Before I continue talking about my main project, I’d like to share this game I made in early 2019. It was my final project for a Unity course I took for my job, using free assets from the Asset Store. I was making a regular 2D platformer at first, but then I found out about Render Textures and thought they were super cool, so I went nuts with them tried something unique with them to make my project stand out more, because it looked kinda lame before.

The game used to looked sadder than me on prom night. :v

I was already using layered groups to achieve a traditional parallax effect, but then I thought: “What if I could make these layers cylindrical?” So I created this cool script called CylindricalWorldSpawner that takes a list of layers, creates a custom camera for each layer that outputs a transparent Render Texture, and then applies that render texture to a cylinder whose circumference and height match the original layer’s width and height, respectively. It’s basically like rolling bread.

Now THIS is a cool-looking game!

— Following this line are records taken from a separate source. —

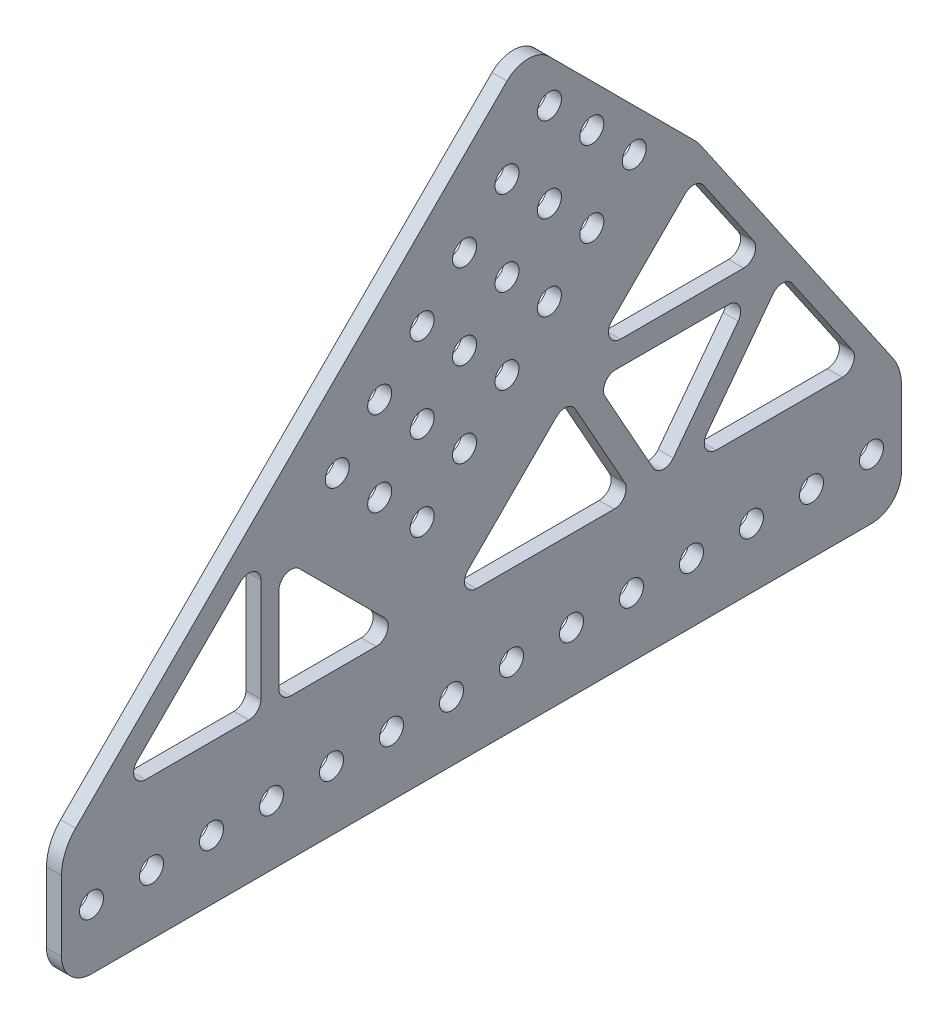
from build123d import *

# Parameters (mm, degrees)
SKETCH8_R           = 2.54
BOSS_EXTRUDE1_DEPTH = 3.175
FILLET1_R           = 2.54
FILLET2_R           = 6.35
FILLET3_R           = 10.16
FILLET4_R           = 12.7


with BuildPart() as part:
    # Sketch8 → Boss-Extrude1 (new body)
    with BuildSketch(Plane(origin=(0, 0, 0), x_dir=(0, 0, -1), z_dir=(1, 0, 0))):
        Polygon((181.332817332, 194.032817332), (217.253841816, 158.111792847), (260.35, 95.25), (260.35, 69.85), (82.55, 69.85), (82.55, 95.25), align=None)
        with Locations((185.822945392, 144.641408666)):
            Circle(SKETCH8_R, mode=Mode.SUBTRACT)
        with Locations((167.86243315, 162.601920908)):
            Circle(SKETCH8_R, mode=Mode.SUBTRACT)
        with Locations((167.86243315, 144.641408666)):
            Circle(SKETCH8_R, mode=Mode.SUBTRACT)
        with Locations((158.882177029, 135.661152545)):
            Circle(SKETCH8_R, mode=Mode.SUBTRACT)
        with Locations((158.882177029, 153.621664787)):
            Circle(SKETCH8_R, mode=Mode.SUBTRACT)
        with Locations((149.901920908, 144.641408666)):
            Circle(SKETCH8_R, mode=Mode.SUBTRACT)
        with Locations((140.921664787, 135.661152545)):
            Circle(SKETCH8_R, mode=Mode.SUBTRACT)
        with Locations((149.901920908, 126.680896424)):
            Circle(SKETCH8_R, mode=Mode.SUBTRACT)
        with Locations((158.882177029, 117.700640303)):
            Circle(SKETCH8_R, mode=Mode.SUBTRACT)
        with Locations((167.86243315, 126.680896424)):
            Circle(SKETCH8_R, mode=Mode.SUBTRACT)
        with Locations((176.842689271, 135.661152545)):
            Circle(SKETCH8_R, mode=Mode.SUBTRACT)
        with Locations((176.842689271, 153.621664787)):
            Circle(SKETCH8_R, mode=Mode.SUBTRACT)
        with Locations((194.803201513, 153.621664787)):
            Circle(SKETCH8_R, mode=Mode.SUBTRACT)
        with Locations((203.783457634, 162.601920908)):
            Circle(SKETCH8_R, mode=Mode.SUBTRACT)
        with Locations((194.803201513, 171.582177029)):
            Circle(SKETCH8_R, mode=Mode.SUBTRACT)
        with Locations((185.822945392, 180.56243315)):
            Circle(SKETCH8_R, mode=Mode.SUBTRACT)
        with Locations((176.842689271, 171.582177029)):
            Circle(SKETCH8_R, mode=Mode.SUBTRACT)
        with Locations((185.822945392, 162.601920908)):
            Circle(SKETCH8_R, mode=Mode.SUBTRACT)
        with Locations((254, 82.55)):
            Circle(SKETCH8_R, mode=Mode.SUBTRACT)
        with Locations((241.3, 82.55)):
            Circle(SKETCH8_R, mode=Mode.SUBTRACT)
        with Locations((228.6, 82.55)):
            Circle(SKETCH8_R, mode=Mode.SUBTRACT)
        with Locations((215.9, 82.55)):
            Circle(SKETCH8_R, mode=Mode.SUBTRACT)
        with Locations((203.2, 82.55)):
            Circle(SKETCH8_R, mode=Mode.SUBTRACT)
        with Locations((190.5, 82.55)):
            Circle(SKETCH8_R, mode=Mode.SUBTRACT)
        with Locations((177.8, 82.55)):
            Circle(SKETCH8_R, mode=Mode.SUBTRACT)
        with Locations((165.1, 82.55)):
            Circle(SKETCH8_R, mode=Mode.SUBTRACT)
        with Locations((152.4, 82.55)):
            Circle(SKETCH8_R, mode=Mode.SUBTRACT)
        with Locations((139.7, 82.55)):
            Circle(SKETCH8_R, mode=Mode.SUBTRACT)
        with Locations((127, 82.55)):
            Circle(SKETCH8_R, mode=Mode.SUBTRACT)
        with Locations((114.3, 82.55)):
            Circle(SKETCH8_R, mode=Mode.SUBTRACT)
        with Locations((101.6, 82.55)):
            Circle(SKETCH8_R, mode=Mode.SUBTRACT)
        with Locations((88.9, 82.55)):
            Circle(SKETCH8_R, mode=Mode.SUBTRACT)
        Polygon((164.270330702, 99.740128061), (203.862933209, 99.740128061), (189.670330702, 125.140128061), align=None, mode=Mode.SUBTRACT)
        Polygon((209.682177029, 99.740128061), (195.489574522, 125.140128061), (228.872016188, 125.140128061), align=None, mode=Mode.SUBTRACT)
        Polygon((216.048997042, 99.740128061), (252.652313741, 99.740128061), (235.238836201, 125.140128061), align=None, mode=Mode.SUBTRACT)
        Polygon((194.750330702, 130.220128061), (231.756140693, 130.220128061), (216.70480924, 152.174606599), align=None, mode=Mode.SUBTRACT)
        Polygon((124.757203769, 130.272998872), (94.224332957, 99.740128061), (124.757203769, 99.740128061), align=None, mode=Mode.SUBTRACT)
        Polygon((128.567203769, 126.462998872), (128.567203769, 99.740128061), (155.290074581, 99.740128061), align=None, mode=Mode.SUBTRACT)
    extrude(amount=BOSS_EXTRUDE1_DEPTH)

    # Fillet1
    fillet1_edges = [part.edges().sort_by_distance(p)[0] for p in [
        (1.5875, 125.140128061, -195.489574522),
        (1.5875, 99.740128061, -209.682177029),
        (1.5875, 125.140128061, -228.872016188),
        (1.5875, 99.740128061, -164.270330702),
        (1.5875, 99.740128061, -203.862933209),
        (1.5875, 125.140128061, -189.670330702),
        (1.5875, 99.740128061, -216.048997042),
        (1.5875, 99.740128061, -252.652313741),
        (1.5875, 125.140128061, -235.238836201),
        (1.5875, 130.220128061, -194.750330702),
        (1.5875, 130.220128061, -231.756140693),
        (1.5875, 152.174606599, -216.70480924),
        (1.5875, 130.272998872, -124.757203769),
        (1.5875, 99.740128061, -94.224332957),
        (1.5875, 99.740128061, -124.757203769),
        (1.5875, 126.462998872, -128.567203769),
        (1.5875, 99.740128061, -128.567203769),
        (1.5875, 99.740128061, -155.290074581),
    ]]
    fillet(fillet1_edges, radius=FILLET1_R)

    # Fillet2
    fillet2_edges = [part.edges().sort_by_distance(p)[0] for p in [
        (1.5875, 69.85, -260.35),
        (1.5875, 69.85, -82.55),
        (1.5875, 194.032817332, -181.332817332),
    ]]
    fillet(fillet2_edges, radius=FILLET2_R)

    # Fillet3
    fillet3_edges = [part.edges().sort_by_distance(p)[0] for p in [
        (1.5875, 95.25, -82.55),
        (1.5875, 95.25, -260.35),
    ]]
    fillet(fillet3_edges, radius=FILLET3_R)

    # Fillet4
    fillet4_edges = [part.edges().sort_by_distance(p)[0] for p in [
        (1.5875, 158.111792847, -217.253841816),
    ]]
    fillet(fillet4_edges, radius=FILLET4_R)


solid = part.part
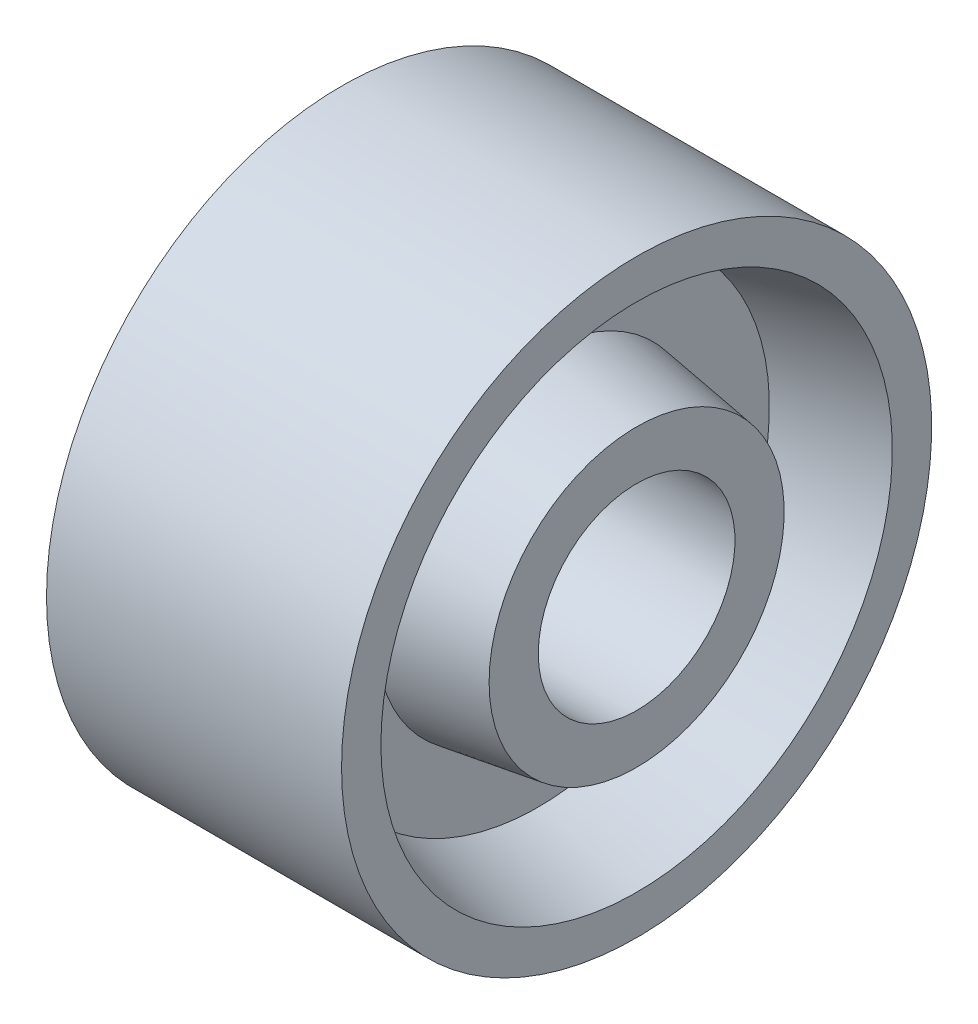
from build123d import *


with BuildPart() as part:
    # Sketch1 → Revolve1 (revolve)
    with BuildSketch(Plane.XY, mode=Mode.PRIVATE) as revolve1_sk:
        Polygon((0, 10), (30, 10), (30, 15), (20, 16.5), (20, 23.5), (30, 26), (30, 30), (0, 30), (0, 26), (10, 23.5), (10, 16.5), (0, 15), align=None)
    revolve(revolve1_sk.sketch.rotate(Axis((0, 0, 0), (1, 0, 0)), 90), axis=Axis((0, 0, 0), (1, 0, 0)))


solid = part.part

Thanks, CylindricalWorldSpawner!

The result is this very unique 3D look where everything moves around cylinders and looks like it’s made of very thin paper.

“Wow, that game looks so cool! I wish I could play it!”, I hear you say. Then have no fear, the download link is here! https://agentottsel.itch.io/cylindrical-parallax (I made the description funny, so please read it)

I had a lot of fun making this game! Not only the programming parts, but also the level design, which I decided to make really difficult, experimenting with different types of moving platforms and inconvenient enemy placement.

I would like to come back to this project in the future to add music, sounds, better jumping (based on how long you hold Space), and achieve the same graphical effect with a more optimized shader-based solution. I wasn’t really going for optimization when I created it, I just wanted to test the boundaries of what I could do with render textures, and was very happy with what I got.

A behind-the-scenes look on how the cylindrical layers end up looking from a different angle. The only thing that was placed manually was that 3D model of a tower in the middle.

As someone who was already familiar with Unreal and C#, learning Unity was not too difficult. I really like the fact that it uses C#, which is an easy-to-learn, but very robust and elegant programming language. I wish it had more tools for editing geometry and level design, though. I had to use Blender just so I could have a cylinder mesh without the top and bottom circles. Nevertheless, I think it’s a huge privilege as a game developer to live in a time where we have so many amazing tools available and easy to get. If you compare how approachable the game industry is now compared to 20 or even 10 years ago, the difference is insane.

Special thanks to my artist friend also named Renan (a.k.a. @UPresence), for teaching me how to do UV mapping in Blender, to my employers at Tapps for offering me this course, to Danilo for teaching it, and to my boss Jerry for letting me share this game online.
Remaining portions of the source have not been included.